Enhancing Molecular Properties Prediction through Multi-Stage Causal Feature Selection
Abstract
Machine learning has become a powerful tool in accelerating scientific research. However, the reliability and trustworthiness of machine learning predictions depend on the selection of relevant features used in such models. In this work, we propose a multi-stage systematic approach for selecting molecular descriptors based on their causal relationship with a given property, which not only improves the accuracy of machine learning predictions but also enhances their interpretability. The proposed multi-stage feature selection consists of four different blocks: i) feature extraction using Mordred descriptors, ii) data cleaning, iii) causal feature selection per Mordred descriptors module, and iv) general causal feature selection. The Markov Blanket algorithm is used to construct the causal-effect graphs between the features and the property to predict, resulting in a sub-dataset with meaningful features and their importance over the target.

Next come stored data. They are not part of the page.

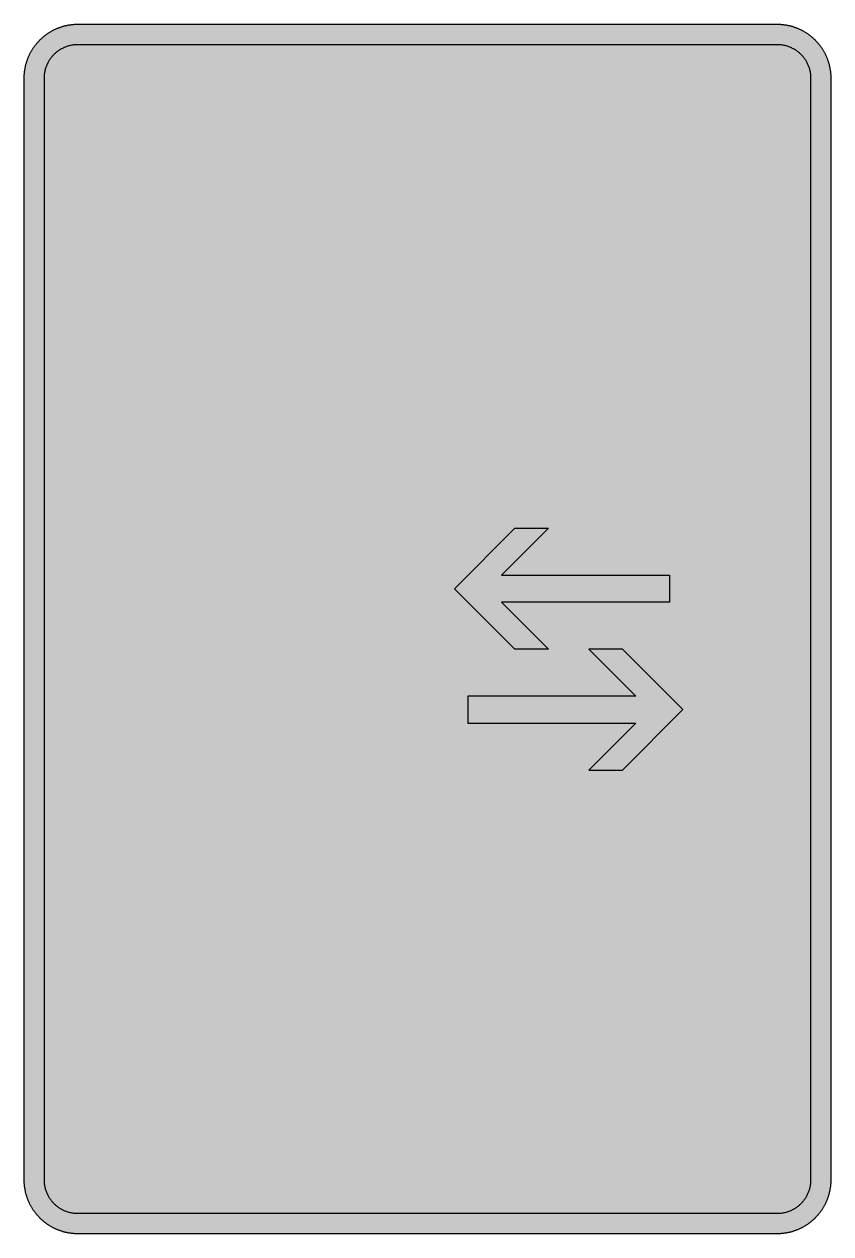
# Model space of a CAD drawing. Header units: millimetres. Extents: x 0 to 212, y 0 to 318.
import ezdxf

# ---------------------------------------------------------------- set-up
doc = ezdxf.new("R2010")
doc.units = ezdxf.units.MM

msp = doc.modelspace()

# ---------------------------------------------------------------- hatches: boundary and pattern name
for color, points in [(254, [(14.1633, 0.0536), (13.9878, 0.0533), (13.8125, 0.0559), (13.6373, 0.061), (13.462, 0.0686), (13.2893, 0.0787), (13.114, 0.0914), (12.9413, 0.1041), (12.7686, 0.1219), (12.5959, 0.1397), (12.4231, 0.16), (12.2504, 0.1829), (12.0777, 0.2057), (11.9075, 0.2337), (11.7373, 0.2616), (11.5672, 0.2921), (11.397, 0.3251), (11.2268, 0.3607), (11.0592, 0.3988), (10.8915, 0.4369), (10.7239, 0.4775), (10.5562, 0.5207), (10.3886, 0.5664), (10.2235, 0.6121), (10.0584, 0.6629), (9.8933, 0.7137), (9.7307, 0.7671), (9.5682, 0.8204), (9.4056, 0.8788), (9.2431, 0.9373), (9.083, 0.9982), (8.923, 1.0617), (8.763, 1.1252), (8.6055, 1.1938), (8.4455, 1.2624), (8.2906, 1.331), (8.1331, 1.4046), (7.9781, 1.4783), (7.8232, 1.5545), (7.6708, 1.6332), (7.5184, 1.7145), (7.366, 1.7958), (7.2161, 1.8796), (7.0663, 1.966), (6.919, 2.0523), (6.7716, 2.1438), (6.6243, 2.2352), (6.4795, 2.3266), (6.3348, 2.4232), (6.19, 2.5197), (6.0477, 2.6187), (5.908, 2.7178), (5.7683, 2.8194), (5.6286, 2.9235), (5.4915, 3.0302), (5.3543, 3.1369), (5.2197, 3.2461), (5.0851, 3.3579), (4.953, 3.4722), (4.8209, 3.5865), (4.6914, 3.7033), (4.5644, 3.8202), (4.4348, 3.9395), (4.3104, 4.0615), (4.1859, 4.1859), (4.0615, 4.3104), (3.9395, 4.4348), (3.8202, 4.5618), (3.7033, 4.6914), (3.5865, 4.8209), (3.4722, 4.953), (3.3579, 5.0851), (3.2487, 5.2197), (3.1369, 5.3543), (3.0302, 5.4915), (2.9235, 5.6286), (2.8194, 5.7683), (2.7178, 5.908), (2.6187, 6.0477), (2.5197, 6.19), (2.4232, 6.3348), (2.3266, 6.477), (2.2352, 6.6243), (2.1438, 6.7691), (2.0523, 6.9164), (1.966, 7.0663), (1.8796, 7.2161), (1.7958, 7.366), (1.7145, 7.5184), (1.6332, 7.6708), (1.5545, 7.8232), (1.4783, 7.9781), (1.4046, 8.1331), (1.331, 8.2906), (1.2598, 8.4455), (1.1913, 8.603), (1.1252, 8.763), (1.0592, 8.923), (0.9982, 9.083), (0.9373, 9.2431), (0.8763, 9.4056), (0.8204, 9.5682), (0.7645, 9.7307), (0.7112, 9.8933), (0.6604, 10.0584), (0.6121, 10.2235), (0.5639, 10.3911), (0.5207, 10.5562), (0.4775, 10.7239), (0.4343, 10.8915), (0.3962, 11.0592), (0.3607, 11.2268), (0.3251, 11.397), (0.2921, 11.5672), (0.2616, 11.7373), (0.2311, 11.9075), (0.2057, 12.0802), (0.1803, 12.2504), (0.1575, 12.4231), (0.1372, 12.5959), (0.1194, 12.7686), (0.1041, 12.9413), (0.0889, 13.1166), (0.0787, 13.2893), (0.0686, 13.4645), (0.061, 13.6373), (0.0559, 13.8125), (0.0508, 13.9878), (0.0508, 14.163), (0.0522, 303.4425), (0.0508, 303.6164), (0.0559, 303.7916), (0.061, 303.9669), (0.0686, 304.1396), (0.0787, 304.3149), (0.0889, 304.4876), (0.1041, 304.6628), (0.1194, 304.8356), (0.1372, 305.0083), (0.1575, 305.181), (0.1803, 305.3537), (0.2057, 305.5239), (0.2311, 305.6966), (0.2616, 305.8668), (0.2921, 306.037), (0.3251, 306.2072), (0.3607, 306.3748), (0.3962, 306.545), (0.4343, 306.7126), (0.4775, 306.8803), (0.5207, 307.0479), (0.5639, 307.213), (0.6121, 307.3781), (0.6604, 307.5432), (0.7112, 307.7083), (0.7645, 307.8734), (0.8204, 308.036), (0.8763, 308.1985), (0.9373, 308.3611), (0.9982, 308.5211), (1.0592, 308.6811), (1.1252, 308.8411), (1.1913, 308.9986), (1.2598, 309.1561), (1.331, 309.3136), (1.4046, 309.4685), (1.4783, 309.626), (1.5545, 309.7784), (1.6332, 309.9333), (1.7145, 310.0857), (1.7958, 310.2356), (1.8796, 310.388), (1.966, 310.5379), (2.0523, 310.6852), (2.1438, 310.8325), (2.2352, 310.9798), (2.3266, 311.1246), (2.4232, 311.2694), (2.5197, 311.4116), (2.6187, 311.5539), (2.7178, 311.6961), (2.8194, 311.8358), (2.9235, 311.9755), (3.0302, 312.1127), (3.1369, 312.2473), (3.2487, 312.3844), (3.3579, 312.5165), (3.4722, 312.6486), (3.5865, 312.7807), (3.7033, 312.9102), (3.8202, 313.0398), (3.9395, 313.1668), (4.0615, 313.2938), (4.1859, 313.4182), (4.3104, 313.5401), (4.4348, 313.6621), (4.5644, 313.784), (4.6914, 313.9008), (4.8209, 314.0177), (4.953, 314.132), (5.0851, 314.2437), (5.2197, 314.3555), (5.3543, 314.4647), (5.4915, 314.5739), (5.6286, 314.6781), (5.7683, 314.7822), (5.908, 314.8838), (6.0477, 314.9854), (6.19, 315.0845), (6.3348, 315.181), (6.4795, 315.275), (6.6243, 315.3689), (6.7716, 315.4604), (6.919, 315.5493), (7.0663, 315.6382), (7.2161, 315.7245), (7.366, 315.8084), (7.5184, 315.8896), (7.6708, 315.9709), (7.8232, 316.0471), (7.9781, 316.1233), (8.1331, 316.1995), (8.2906, 316.2706), (8.4455, 316.3418), (8.6055, 316.4103), (8.763, 316.4789), (8.923, 316.5424), (9.083, 316.6059), (9.2431, 316.6669), (9.4056, 316.7253), (9.5682, 316.7837), (9.7307, 316.8371), (9.8933, 316.8904), (10.0584, 316.9412), (10.2235, 316.992), (10.3886, 317.0377), (10.5562, 317.0834), (10.7239, 317.1266), (10.8915, 317.1673), (11.0592, 317.2079), (11.2268, 317.2435), (11.397, 317.279), (11.5672, 317.312), (11.7373, 317.3425), (11.9075, 317.3705), (12.0777, 317.3984), (12.2504, 317.4213), (12.4231, 317.4441), (12.5959, 317.4644), (12.7686, 317.4822), (12.9413, 317.5), (13.114, 317.5127), (13.2893, 317.5254), (13.462, 317.5356), (13.6373, 317.5432), (13.8125, 317.5483), (13.9878, 317.5508), (14.163, 317.5533), (197.6078, 317.5536), (197.7822, 317.5508), (197.9574, 317.5483), (198.1327, 317.5432), (198.3054, 317.5356), (198.4807, 317.5254), (198.6534, 317.5127), (198.8287, 317.5), (199.0014, 317.4822), (199.1741, 317.4644), (199.3468, 317.4441), (199.5195, 317.4213), (199.6897, 317.3984), (199.8624, 317.3705), (200.0326, 317.3425), (200.2028, 317.312), (200.373, 317.279), (200.5432, 317.2435), (200.7108, 317.2079), (200.8784, 317.1673), (201.0461, 317.1266), (201.2137, 317.0834), (201.3788, 317.0377), (201.5465, 316.992), (201.7116, 316.9412), (201.8767, 316.8904), (202.0392, 316.8371), (202.2018, 316.7837), (202.3643, 316.7253), (202.5269, 316.6669), (202.6869, 316.6059), (202.8469, 316.5424), (203.007, 316.4789), (203.167, 316.4103), (203.3245, 316.3418), (203.4794, 316.2706), (203.6369, 316.1995), (203.7918, 316.1233), (203.9468, 316.0471), (204.0992, 315.9709), (204.2516, 315.8896), (204.404, 315.8084), (204.5538, 315.7245), (204.7037, 315.6382), (204.8535, 315.5493), (205.0009, 315.4604), (205.1456, 315.3689), (205.293, 315.275), (205.4352, 315.181), (205.58, 315.0845), (205.7222, 314.9854), (205.8619, 314.8838), (206.0016, 314.7822), (206.1413, 314.6781), (206.2785, 314.5739), (206.4156, 314.4647), (206.5503, 314.3555), (206.6849, 314.2437), (206.817, 314.132), (206.949, 314.0177), (207.0786, 313.9008), (207.2081, 313.784), (207.3351, 313.6621), (207.4596, 313.5401), (207.584, 313.4182), (207.7085, 313.2938), (207.8304, 313.1668), (207.9498, 313.0398), (208.0666, 312.9102), (208.1835, 312.7807), (208.2978, 312.6486), (208.4121, 312.5165), (208.5238, 312.3844), (208.6331, 312.2473), (208.7397, 312.1127), (208.8464, 311.9755), (208.9506, 311.8358), (209.0522, 311.6961), (209.1512, 311.5539), (209.2503, 311.4116), (209.3468, 311.2694), (209.4433, 311.1246), (209.5348, 310.9798), (209.6262, 310.8325), (209.7176, 310.6852), (209.804, 310.5379), (209.8904, 310.388), (209.9742, 310.2356), (210.0555, 310.0857), (210.1367, 309.9333), (210.2155, 309.7784), (210.2917, 309.626), (210.3653, 309.4685), (210.439, 309.3136), (210.5076, 309.1561), (210.5762, 308.9986), (210.6447, 308.8411), (210.7082, 308.6811), (210.7717, 308.5211), (210.8327, 308.3611), (210.8911, 308.1985), (210.9495, 308.036), (211.0029, 307.8734), (211.0562, 307.7083), (211.107, 307.5432), (211.1578, 307.3781), (211.2035, 307.213), (211.2493, 307.0479), (211.2924, 306.8803), (211.3331, 306.7126), (211.3712, 306.545), (211.4093, 306.3748), (211.4448, 306.2072), (211.4779, 306.037), (211.5083, 305.8668), (211.5363, 305.6966), (211.5642, 305.5239), (211.5871, 305.3537), (211.6099, 305.181), (211.6303, 305.0083), (211.648, 304.8356), (211.6658, 304.6628), (211.6785, 304.4876), (211.6912, 304.3149), (211.7014, 304.1396), (211.709, 303.9669), (211.7141, 303.7916), (211.7166, 303.6164), (211.7166, 303.4411), (211.7189, 14.1647), (211.7166, 13.9878), (211.7141, 13.8125), (211.709, 13.6373), (211.7014, 13.4645), (211.6912, 13.2893), (211.6785, 13.1166), (211.6658, 12.9413), (211.648, 12.7686), (211.6303, 12.5959), (211.6099, 12.4231), (211.5871, 12.2504), (211.5642, 12.0802), (211.5363, 11.9075), (211.5083, 11.7373), (211.4779, 11.5672), (211.4448, 11.397), (211.4093, 11.2268), (211.3712, 11.0592), (211.3331, 10.8915), (211.2924, 10.7239), (211.2493, 10.5562), (211.2035, 10.3911), (211.1578, 10.2235), (211.107, 10.0584), (211.0562, 9.8933), (211.0029, 9.7307), (210.9495, 9.5682), (210.8911, 9.4056), (210.8327, 9.2431), (210.7717, 9.083), (210.7082, 8.923), (210.6447, 8.763), (210.5762, 8.603), (210.5076, 8.4455), (210.439, 8.2906), (210.3653, 8.1331), (210.2917, 7.9781), (210.2155, 7.8232), (210.1367, 7.6708), (210.0555, 7.5184), (209.9742, 7.366), (209.8904, 7.2161), (209.804, 7.0663), (209.7176, 6.9164), (209.6262, 6.7691), (209.5348, 6.6243), (209.4433, 6.477), (209.3468, 6.3348), (209.2503, 6.19), (209.1512, 6.0477), (209.0522, 5.908), (208.9506, 5.7683), (208.8464, 5.6286), (208.7397, 5.4915), (208.6331, 5.3543), (208.5238, 5.2197), (208.4121, 5.0851), (208.2978, 4.953), (208.1835, 4.8209), (208.0666, 4.6914), (207.9498, 4.5618), (207.8304, 4.4348), (207.7085, 4.3104), (207.584, 4.1859), (207.4596, 4.0615), (207.3351, 3.9395), (207.2081, 3.8202), (207.0786, 3.7033), (206.949, 3.5865), (206.817, 3.4722), (206.6849, 3.3579), (206.5503, 3.2461), (206.4156, 3.1369), (206.2785, 3.0302), (206.1413, 2.9235), (206.0016, 2.8194), (205.8619, 2.7178), (205.7222, 2.6187), (205.58, 2.5197), (205.4352, 2.4232), (205.293, 2.3266), (205.1456, 2.2352), (205.0009, 2.1438), (204.8535, 2.0523), (204.7037, 1.966), (204.5538, 1.8796), (204.404, 1.7958), (204.2516, 1.7145), (204.0992, 1.6332), (203.9468, 1.5545), (203.7918, 1.4783), (203.6369, 1.4046), (203.4794, 1.331), (203.3245, 1.2624), (203.167, 1.1938), (203.007, 1.1252), (202.8469, 1.0617), (202.6869, 0.9982), (202.5269, 0.9373), (202.3643, 0.8788), (202.2018, 0.8204), (202.0392, 0.7671), (201.8767, 0.7137), (201.7116, 0.6629), (201.5465, 0.6121), (201.3788, 0.5664), (201.2137, 0.5207), (201.0461, 0.4775), (200.8784, 0.4369), (200.7108, 0.3988), (200.5432, 0.3607), (200.373, 0.3251), (200.2028, 0.2921), (200.0326, 0.2616), (199.8624, 0.2337), (199.6897, 0.2057), (199.5195, 0.1829), (199.3468, 0.16), (199.1741, 0.1397), (199.0014, 0.1219), (198.8287, 0.1041), (198.6534, 0.0914), (198.4807, 0.0787), (198.3054, 0.0686), (198.1327, 0.061), (197.9574, 0.0559), (197.7822, 0.0533), (197.6069, 0.0533)]), (144, [(14.1633, 5.3453), (13.9344, 5.3467), (13.7084, 5.3543), (13.4849, 5.3696), (13.2613, 5.3899), (13.0378, 5.4153), (12.8194, 5.4458), (12.6009, 5.4813), (12.385, 5.522), (12.1717, 5.5702), (11.9583, 5.621), (11.7475, 5.6794), (11.5392, 5.7404), (11.3335, 5.8064), (11.1303, 5.8801), (10.9296, 5.9563), (10.729, 6.0376), (10.5334, 6.1239), (10.3378, 6.2128), (10.1473, 6.3094), (9.9593, 6.4084), (9.7714, 6.5126), (9.5885, 6.6218), (9.4082, 6.7335), (9.2304, 6.8504), (9.0576, 6.9698), (8.8849, 7.0968), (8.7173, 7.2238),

To evaluate our approach, we selected two challenging tasks: predicting the toxicity and biodegradability of chemical compounds through molecular descriptors. The results demonstrate that the proposed multi-stage approach outperformed the state-of-the-art methods while using significantly fewer features for both tasks. The proposed methodology enhances the interpretability of machine learning predictions, making it easier for experts to identify the most relevant features and to understand the underlying mechanisms that govern the behavior of the studied molecules. This approach can be applied to a wide range of scientific problems, and we believe it will play a key role in advancing the field of machine learning in science.